:: Work order ::
Nothing but the lines from the one with "ATTITUDE ERROR AND IDEAL CONTROL/1(u_ideal)" down to the one with "Euler/1(w_euler) -> Kinematics/1(w_euler), ATTITUDE" should be returned, exactly and with both ends included, from the material below.

:: Data extracts ::
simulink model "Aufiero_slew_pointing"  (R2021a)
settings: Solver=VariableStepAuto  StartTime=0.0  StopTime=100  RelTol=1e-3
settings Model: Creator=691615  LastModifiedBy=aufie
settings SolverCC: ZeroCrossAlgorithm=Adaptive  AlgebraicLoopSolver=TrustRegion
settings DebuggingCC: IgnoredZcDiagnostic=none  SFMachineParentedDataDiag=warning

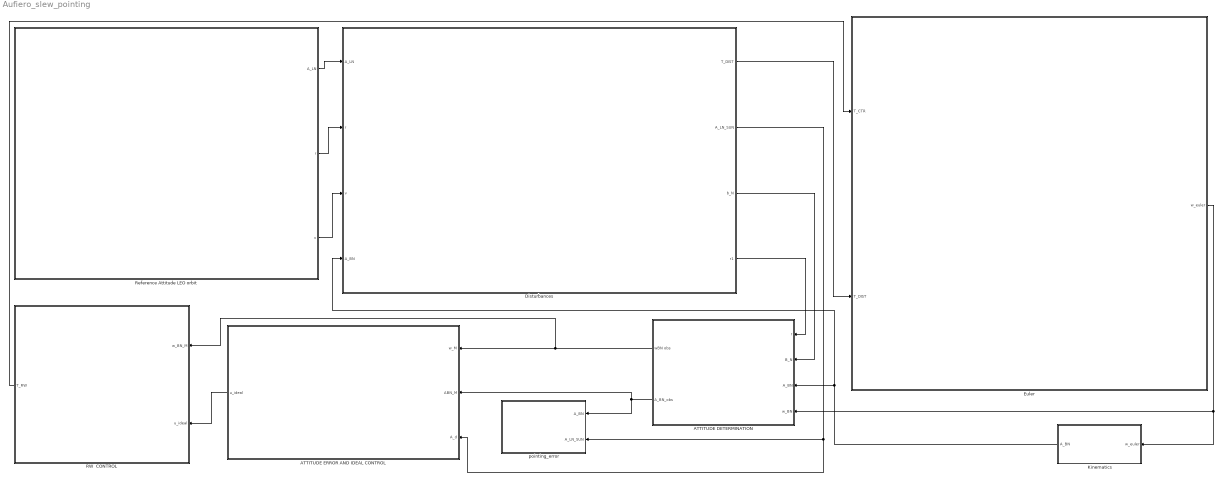
== system Aufiero_slew_pointing ==
  ATTITUDE DETERMINATION : Subsystem
  ATTITUDE ERROR AND IDEAL CONTROL : Subsystem
  Disturbances : Subsystem
  Euler : Subsystem
  Kinematics : Subsystem
  RW  CONTROL : Subsystem
  Reference Attitude LEO orbit : Subsystem
  pointing_error : Subsystem
  wires:
  ATTITUDE ERROR AND IDEAL CONTROL/1(u_ideal) -> RW  CONTROL/2(u_ideal)
  Kinematics/1(A_BN) -> ATTITUDE DETERMINATION/3(A_BN), Disturbances/4(A_BN)
  ATTITUDE DETERMINATION/2(A_BN_obs) -> ATTITUDE ERROR AND IDEAL CONTROL/2(ABN_M), pointing_error/1(A_BN)
  ATTITUDE DETERMINATION/1(wBN obs) -> ATTITUDE ERROR AND IDEAL CONTROL/1(w_M), RW  CONTROL/1(w_BN_M)
  Euler/1(w_euler) -> Kinematics/1(w_euler), ATTITUDE DETERMINATION/4(w_BN)
  RW  CONTROL/1(T_RW) -> Euler/1(T_CTR)
  Reference Attitude LEO orbit/3(v) -> Disturbances/3(v)
  Reference Attitude LEO orbit/1(A_LN) -> Disturbances/1(A_LN)
  Reference Attitude LEO orbit/2(r) -> Disturbances/2(r)
  Disturbances/1(T_DIST) -> Euler/2(T_DIST)
  Disturbances/2(A_LN_SUN) -> ATTITUDE ERROR AND IDEAL CONTROL/3(A_d), pointing_error/2(A_LN_SUN)
  Disturbances/4(r1) -> ATTITUDE DETERMINATION/1(r)
  Disturbances/3(b_N) -> ATTITUDE DETERMINATION/2(B_N)

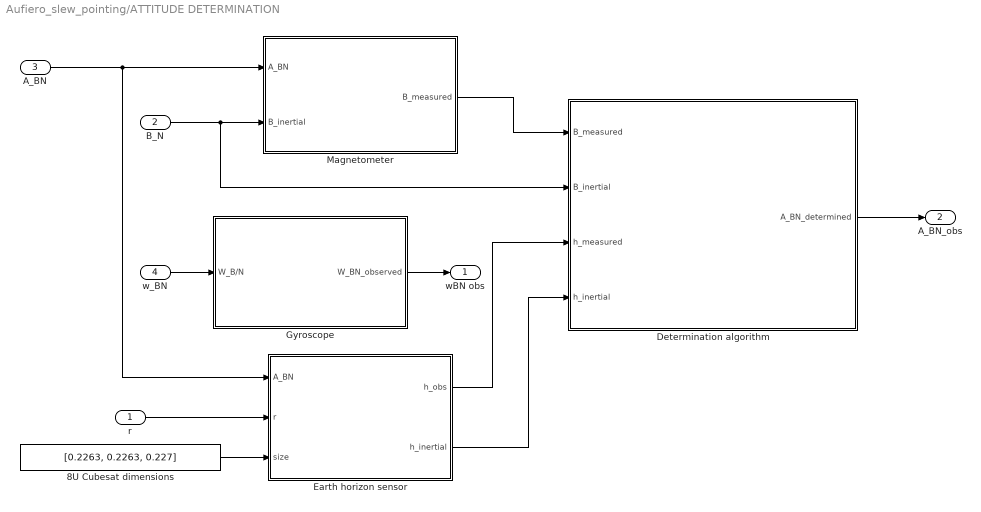
== system Aufiero_slew_pointing/ATTITUDE DETERMINATION ==
  r : Inport
  B_N : Inport  Port=2
  A_BN : Inport  Port=3
  w_BN : Inport  Port=4
  8U Cubesat dimensions : Constant  Value=[0.2263, 0.2263, 0.227]
  "Determination algorithm " : Subsystem
  Earth horizon sensor : Subsystem
  Gyroscope : Subsystem
  Magnetometer : Subsystem
  wBN obs : Outport  VectorParamsAs1DForOutWhenUnconnected=off
  A_BN_obs : Outport  Port=2  VectorParamsAs1DForOutWhenUnconnected=off
  wires:
  Earth horizon sensor/2(h_inertial) -> "Determination algorithm "/4(h_inertial)
  B_N/1 -> "Determination algorithm "/2(B_inertial), Magnetometer/2(B_inertial)
  w_BN/1 -> Gyroscope/1(W_B/N)
  "Determination algorithm "/1(A_BN_determined) -> A_BN_obs/1
  A_BN/1 -> Earth horizon sensor/1(A_BN), Magnetometer/1(A_BN)
  Earth horizon sensor/1(h_obs) -> "Determination algorithm "/3(h_measured)
  r/1 -> Earth horizon sensor/2(r)
  Gyroscope/1(W_BN_observed) -> wBN obs/1
  Magnetometer/1(B_measured) -> "Determination algorithm "/1(B_measured)
  8U Cubesat dimensions/1 -> Earth horizon sensor/3(size)

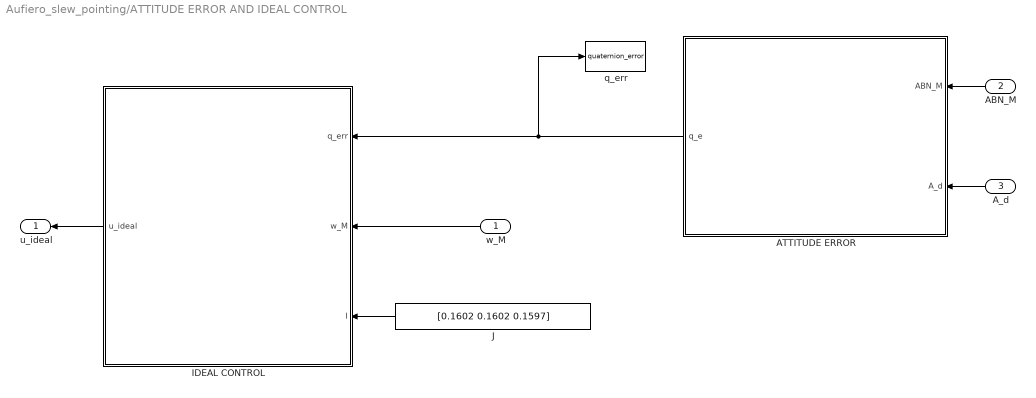
== system Aufiero_slew_pointing/ATTITUDE ERROR AND IDEAL CONTROL ==
  w_M : Inport
  ABN_M : Inport  Port=2
  A_d : Inport  Port=3
  ATTITUDE ERROR : MATLAB Function  TreatAsAtomicUnit=on
  IDEAL CONTROL : MATLAB Function  TreatAsAtomicUnit=on
  J : Constant  Value=[0.1602 0.1602 0.1597]
  q_err : ToWorkspace  VariableName=quaternion_error  SaveFormat=Timeseries  SampleTime=-1
  u_ideal : Outport  VectorParamsAs1DForOutWhenUnconnected=off
  wires:
  J/1 -> IDEAL CONTROL/3(I)
  w_M/1 -> IDEAL CONTROL/2(w_M)
  ABN_M/1 -> ATTITUDE ERROR/1(ABN_M)
  IDEAL CONTROL/1(u_ideal) -> u_ideal/1
  ATTITUDE ERROR/1(q_e) -> q_err/1, IDEAL CONTROL/1(q_err)
  A_d/1 -> ATTITUDE ERROR/2(A_d)

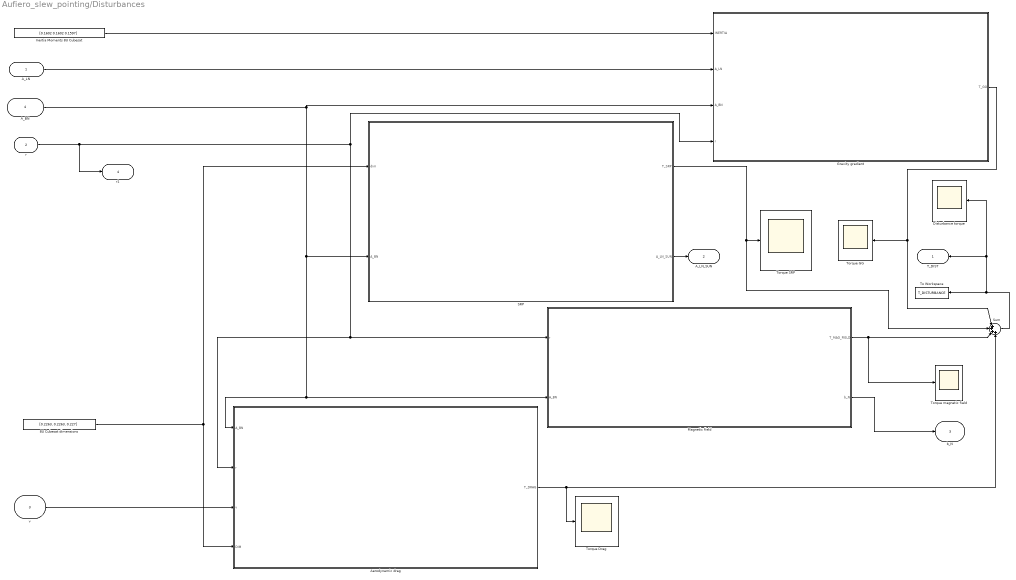
== system Aufiero_slew_pointing/Disturbances ==
  A_LN : Inport
  r : Inport  Port=2
  v : Inport  Port=3
  A_BN : Inport  Port=4
  8U Cubesat dimensions : Constant  Value=[0.2263, 0.2263, 0.227]
  Aerodynamic drag : Subsystem
  Disturbance torque : Scope
  Gravity gradient : Subsystem
  Inertia Moments 8U Cubesat : Constant  Value=[0.1602 0.1602 0.1597]
  Magnetic field : Subsystem
  SRP : Subsystem
  Sum : Sum  Inputs=|++++
  To Workspace : ToWorkspace  VariableName=T_DISTURBANCE  SaveFormat=Timeseries  SampleTime=-1
  Torque Drag : Scope
  Torque GG : Scope
  Torque SRP : Scope
  Torque magnetic field : Scope
  T_DIST : Outport  VectorParamsAs1DForOutWhenUnconnected=off
  A_LN_SUN : Outport  Port=2  VectorParamsAs1DForOutWhenUnconnected=off
  b_N : Outport  Port=3  VectorParamsAs1DForOutWhenUnconnected=off
  r1 : Outport  Port=4  VectorParamsAs1DForOutWhenUnconnected=off
  wires:
  r/1 -> Gravity gradient/4(r), Aerodynamic drag/2(r), Magnetic field/1(r), r1/1
  v/1 -> Aerodynamic drag/3(v)
  8U Cubesat dimensions/1 -> SRP/1(dim), Aerodynamic drag/4(DIM)
  Inertia Moments 8U Cubesat/1 -> Gravity gradient/1(INERTIA)
  A_LN/1 -> Gravity gradient/2(A_LN)
  Gravity gradient/1(T_GG) -> Torque GG/1, Sum/1
  SRP/1(T_SRP) -> Sum/2, Torque SRP/1
  Aerodynamic drag/1(T_DRAG) -> Sum/4, Torque Drag/1
  Magnetic field/1(T_MAG_FIELD) -> Torque magnetic field/1, Sum/3
  Magnetic field/2(b_N) -> b_N/1
  A_BN/1 -> Gravity gradient/3(A_BN), SRP/2(A_BN), Aerodynamic drag/1(A_BN), Magnetic field/2(A_BN)
  Sum/1 -> Disturbance torque/1, T_DIST/1, To Workspace/1
  SRP/2(A_LN_SUN) -> A_LN_SUN/1

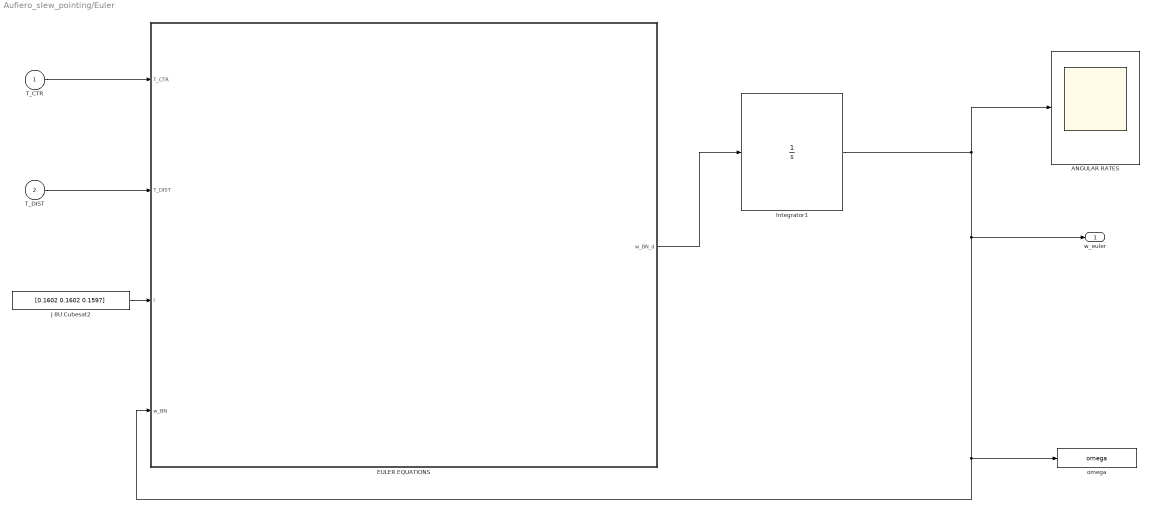
== system Aufiero_slew_pointing/Euler ==
  T_CTR : Inport
  T_DIST : Inport  Port=2
  ANGULAR RATES : Scope
  EULER EQUATIONS : MATLAB Function  TreatAsAtomicUnit=on
  Integrator1 : Integrator  InitialCondition=[0 0 0]
  J 8U Cubesat2 : Constant  Value=[0.1602 0.1602 0.1597]
  omega : ToWorkspace  VariableName=omega  SaveFormat=Timeseries  SampleTime=-1
  w_euler : Outport  VectorParamsAs1DForOutWhenUnconnected=off
  wires:
  T_CTR/1 -> EULER EQUATIONS/1(T_CTR)
  EULER EQUATIONS/1(w_BN_d) -> Integrator1/1
  T_DIST/1 -> EULER EQUATIONS/2(T_DIST)
  Integrator1/1 -> ANGULAR RATES/1, w_euler/1, EULER EQUATIONS/4(w_BN), omega/1
  J 8U Cubesat2/1 -> EULER EQUATIONS/3(I)

== system Aufiero_slew_pointing/Kinematics ==
  w_euler : Inport
  Attitude matrix quaternions : MATLAB Function  TreatAsAtomicUnit=on
  Integrator2 : Integrator  InitialCondition=[0 0 0 1]
  "Orthonorm. quaternions " : MATLAB Function  TreatAsAtomicUnit=on
  "Quaternions kinematics " : MATLAB Function  TreatAsAtomicUnit=on
  A_BN : Outport  VectorParamsAs1DForOutWhenUnconnected=off
  wires:
  w_euler/1 -> "Quaternions kinematics "/1(w)
  "Orthonorm. quaternions "/1(q_ortho) -> Attitude matrix quaternions/1(q), "Quaternions kinematics "/2(q)
  "Quaternions kinematics "/1(q_dot) -> Integrator2/1
  Integrator2/1 -> "Orthonorm. quaternions "/1(q)
  Attitude matrix quaternions/1(A_BN) -> A_BN/1

== system Aufiero_slew_pointing/RW  CONTROL ==
  w_BN_M : Inport
  u_ideal : Inport  Port=2
  RW REAL CONTROL : Subsystem
  TORQUE RW : Scope
  To Workspace : ToWorkspace  VariableName=T_RW  SaveFormat=Timeseries  SampleTime=-1
  T_RW : Outport  VectorParamsAs1DForOutWhenUnconnected=off
  wires:
  w_BN_M/1 -> RW REAL CONTROL/1(w_BN_obs)
  RW REAL CONTROL/1(T_RW) -> To Workspace/1, TORQUE RW/1, T_RW/1
  u_ideal/1 -> RW REAL CONTROL/2(u_ideal)

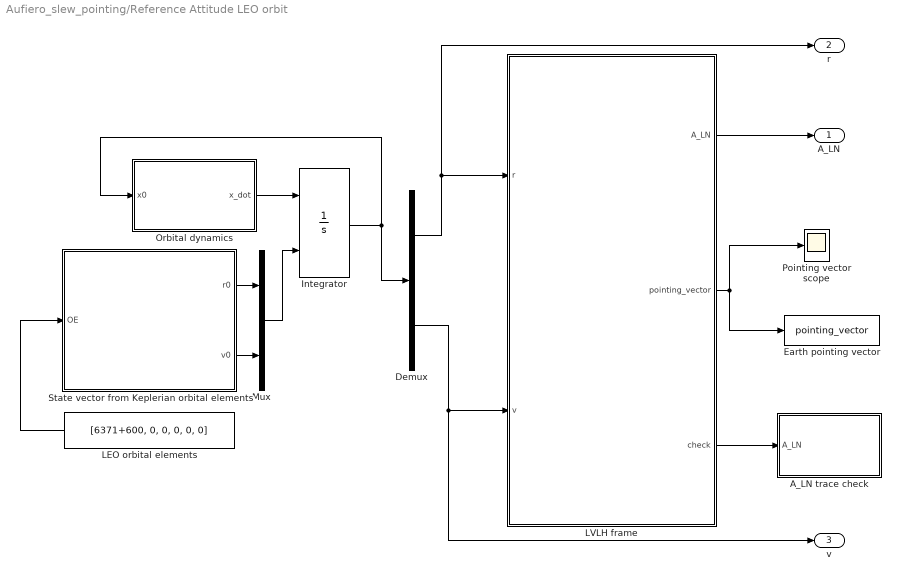
== system Aufiero_slew_pointing/Reference Attitude LEO orbit ==
  A_LN trace check : Subsystem
  Demux : Demux  Outputs=2
  Earth pointing vector : ToWorkspace  VariableName=pointing_vector  SampleTime=-1
  Integrator : Integrator  InitialConditionSource=external
  "LEO orbital elements " : Constant  Value=[6371+600, 0, 0, 0, 0, 0]
  LVLH frame : MATLAB Function  TreatAsAtomicUnit=on
  Mux : Mux  Inputs=2
  Orbital dynamics : MATLAB Function  TreatAsAtomicUnit=on
  Pointing vector scope : Scope
  State vector from Keplerian orbital elements : MATLAB Function  TreatAsAtomicUnit=on
  A_LN : Outport  VectorParamsAs1DForOutWhenUnconnected=off
  r : Outport  Port=2  VectorParamsAs1DForOutWhenUnconnected=off
  v : Outport  Port=3  VectorParamsAs1DForOutWhenUnconnected=off
  wires:
  Integrator/1 -> Demux/1, Orbital dynamics/1(x0)
  State vector from Keplerian orbital elements/2(v0) -> Mux/2
  Demux/2 -> v/1, LVLH frame/2(v)
  Demux/1 -> r/1, LVLH frame/1(r)
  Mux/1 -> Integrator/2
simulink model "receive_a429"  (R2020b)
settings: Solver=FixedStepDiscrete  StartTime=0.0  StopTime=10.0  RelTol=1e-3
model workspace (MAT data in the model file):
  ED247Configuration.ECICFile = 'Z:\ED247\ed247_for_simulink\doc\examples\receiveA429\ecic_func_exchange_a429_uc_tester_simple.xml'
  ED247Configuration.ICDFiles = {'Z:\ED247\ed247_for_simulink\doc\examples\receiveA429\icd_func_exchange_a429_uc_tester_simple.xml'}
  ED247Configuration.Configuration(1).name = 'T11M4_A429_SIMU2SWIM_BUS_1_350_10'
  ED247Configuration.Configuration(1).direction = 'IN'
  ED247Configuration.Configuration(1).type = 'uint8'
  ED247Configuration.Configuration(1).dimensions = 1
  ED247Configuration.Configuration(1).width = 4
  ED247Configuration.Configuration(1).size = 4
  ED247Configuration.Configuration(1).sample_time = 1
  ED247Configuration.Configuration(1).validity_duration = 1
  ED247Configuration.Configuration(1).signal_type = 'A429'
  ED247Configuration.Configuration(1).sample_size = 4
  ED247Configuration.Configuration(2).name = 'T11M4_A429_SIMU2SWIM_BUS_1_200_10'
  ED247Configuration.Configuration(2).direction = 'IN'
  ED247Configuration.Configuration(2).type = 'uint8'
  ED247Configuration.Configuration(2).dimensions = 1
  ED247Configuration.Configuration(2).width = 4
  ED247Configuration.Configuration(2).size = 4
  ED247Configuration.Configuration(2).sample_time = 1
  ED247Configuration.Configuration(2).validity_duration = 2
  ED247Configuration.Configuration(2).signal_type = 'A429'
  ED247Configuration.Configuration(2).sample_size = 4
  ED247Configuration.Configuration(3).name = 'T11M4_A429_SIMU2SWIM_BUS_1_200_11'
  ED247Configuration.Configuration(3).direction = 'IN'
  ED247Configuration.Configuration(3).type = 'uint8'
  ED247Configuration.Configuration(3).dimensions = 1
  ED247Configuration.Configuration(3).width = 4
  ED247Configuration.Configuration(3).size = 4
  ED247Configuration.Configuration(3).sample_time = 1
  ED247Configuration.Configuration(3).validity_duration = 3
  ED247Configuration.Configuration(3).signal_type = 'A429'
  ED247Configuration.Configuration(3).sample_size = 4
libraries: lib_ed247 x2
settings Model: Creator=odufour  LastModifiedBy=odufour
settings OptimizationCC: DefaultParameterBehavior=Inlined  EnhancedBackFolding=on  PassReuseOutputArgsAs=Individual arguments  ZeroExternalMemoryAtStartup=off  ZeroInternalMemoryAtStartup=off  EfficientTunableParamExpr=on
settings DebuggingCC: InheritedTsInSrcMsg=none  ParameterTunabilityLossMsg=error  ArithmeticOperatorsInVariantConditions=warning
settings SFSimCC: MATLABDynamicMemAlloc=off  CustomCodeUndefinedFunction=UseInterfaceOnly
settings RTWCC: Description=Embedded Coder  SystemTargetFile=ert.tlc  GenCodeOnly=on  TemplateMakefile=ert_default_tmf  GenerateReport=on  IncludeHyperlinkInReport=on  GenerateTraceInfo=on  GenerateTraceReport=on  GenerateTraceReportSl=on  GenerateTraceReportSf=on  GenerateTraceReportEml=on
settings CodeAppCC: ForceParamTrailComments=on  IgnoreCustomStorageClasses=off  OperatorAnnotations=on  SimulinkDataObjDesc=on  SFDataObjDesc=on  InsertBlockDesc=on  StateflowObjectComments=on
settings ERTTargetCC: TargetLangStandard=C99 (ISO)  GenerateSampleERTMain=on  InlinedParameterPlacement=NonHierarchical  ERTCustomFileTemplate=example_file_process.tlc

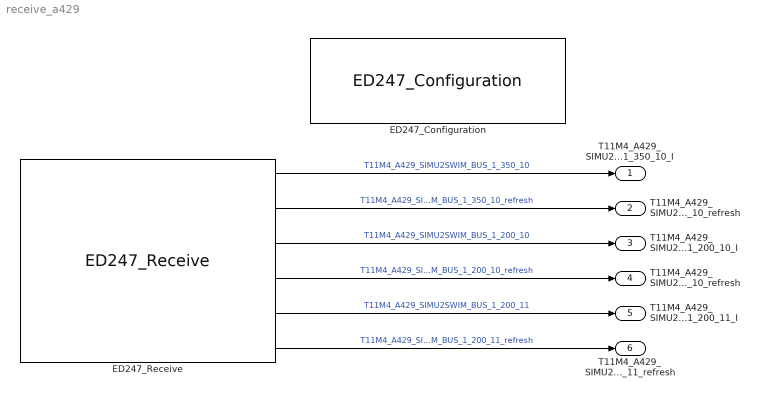
== system receive_a429 ==
  ED247_Configuration : lib_ed247/ED247_Configuration  configurationFilename='ecic_func_exchange_a429_uc_tester_simple.xml'  enableLog=on  logFilename='<PROJECT_FOLDER>\tests\_files\tmp.log'
      settings: SourceProductName=Airbus ED247
  ED247_Receive : lib_ed247/ED247_Receive  enable_refresh=on  refresh_factor=1  sample_time=-1  show_port_labels=on
      settings: SourceProductName=Airbus ED247
  T11M4_A429_SIMU2SWIM_BUS_1_350_10_I : Outport  OutDataTypeStr=uint8  PortDimensions=4  SampleTime=0.1
  T11M4_A429_SIMU2SWIM_BUS_1_350_10_refresh : Outport  Port=2  OutDataTypeStr=boolean  PortDimensions=1  SampleTime=0.1
  T11M4_A429_SIMU2SWIM_BUS_1_200_10_I : Outport  Port=3  OutDataTypeStr=uint8  PortDimensions=4  SampleTime=0.1
  T11M4_A429_SIMU2SWIM_BUS_1_200_10_refresh : Outport  Port=4  OutDataTypeStr=boolean  PortDimensions=1  SampleTime=0.1
  T11M4_A429_SIMU2SWIM_BUS_1_200_11_I : Outport  Port=5  OutDataTypeStr=uint8  PortDimensions=4  SampleTime=0.1
  T11M4_A429_SIMU2SWIM_BUS_1_200_11_refresh : Outport  Port=6  OutDataTypeStr=boolean  PortDimensions=1  SampleTime=0.1
  wires:
  ED247_Receive/2 -> T11M4_A429_SIMU2SWIM_BUS_1_350_10_refresh/1  "T11M4_A429_SIMU2SWIM_BUS_1_350_10_refresh"
  ED247_Receive/1 -> T11M4_A429_SIMU2SWIM_BUS_1_350_10_I/1  "T11M4_A429_SIMU2SWIM_BUS_1_350_10"
  ED247_Receive/4 -> T11M4_A429_SIMU2SWIM_BUS_1_200_10_refresh/1  "T11M4_A429_SIMU2SWIM_BUS_1_200_10_refresh"
  ED247_Receive/3 -> T11M4_A429_SIMU2SWIM_BUS_1_200_10_I/1  "T11M4_A429_SIMU2SWIM_BUS_1_200_10"
  ED247_Receive/6 -> T11M4_A429_SIMU2SWIM_BUS_1_200_11_refresh/1  "T11M4_A429_SIMU2SWIM_BUS_1_200_11_refresh"
  ED247_Receive/5 -> T11M4_A429_SIMU2SWIM_BUS_1_200_11_I/1  "T11M4_A429_SIMU2SWIM_BUS_1_200_11"

:: Task response ::
  ATTITUDE ERROR AND IDEAL CONTROL/1(u_ideal) -> RW  CONTROL/2(u_ideal)
  Kinematics/1(A_BN) -> ATTITUDE DETERMINATION/3(A_BN), Disturbances/4(A_BN)
  ATTITUDE DETERMINATION/2(A_BN_obs) -> ATTITUDE ERROR AND IDEAL CONTROL/2(ABN_M), pointing_error/1(A_BN)
  ATTITUDE DETERMINATION/1(wBN obs) -> ATTITUDE ERROR AND IDEAL CONTROL/1(w_M), RW  CONTROL/1(w_BN_M)
  Euler/1(w_euler) -> Kinematics/1(w_euler), ATTITUDE DETERMINATION/4(w_BN)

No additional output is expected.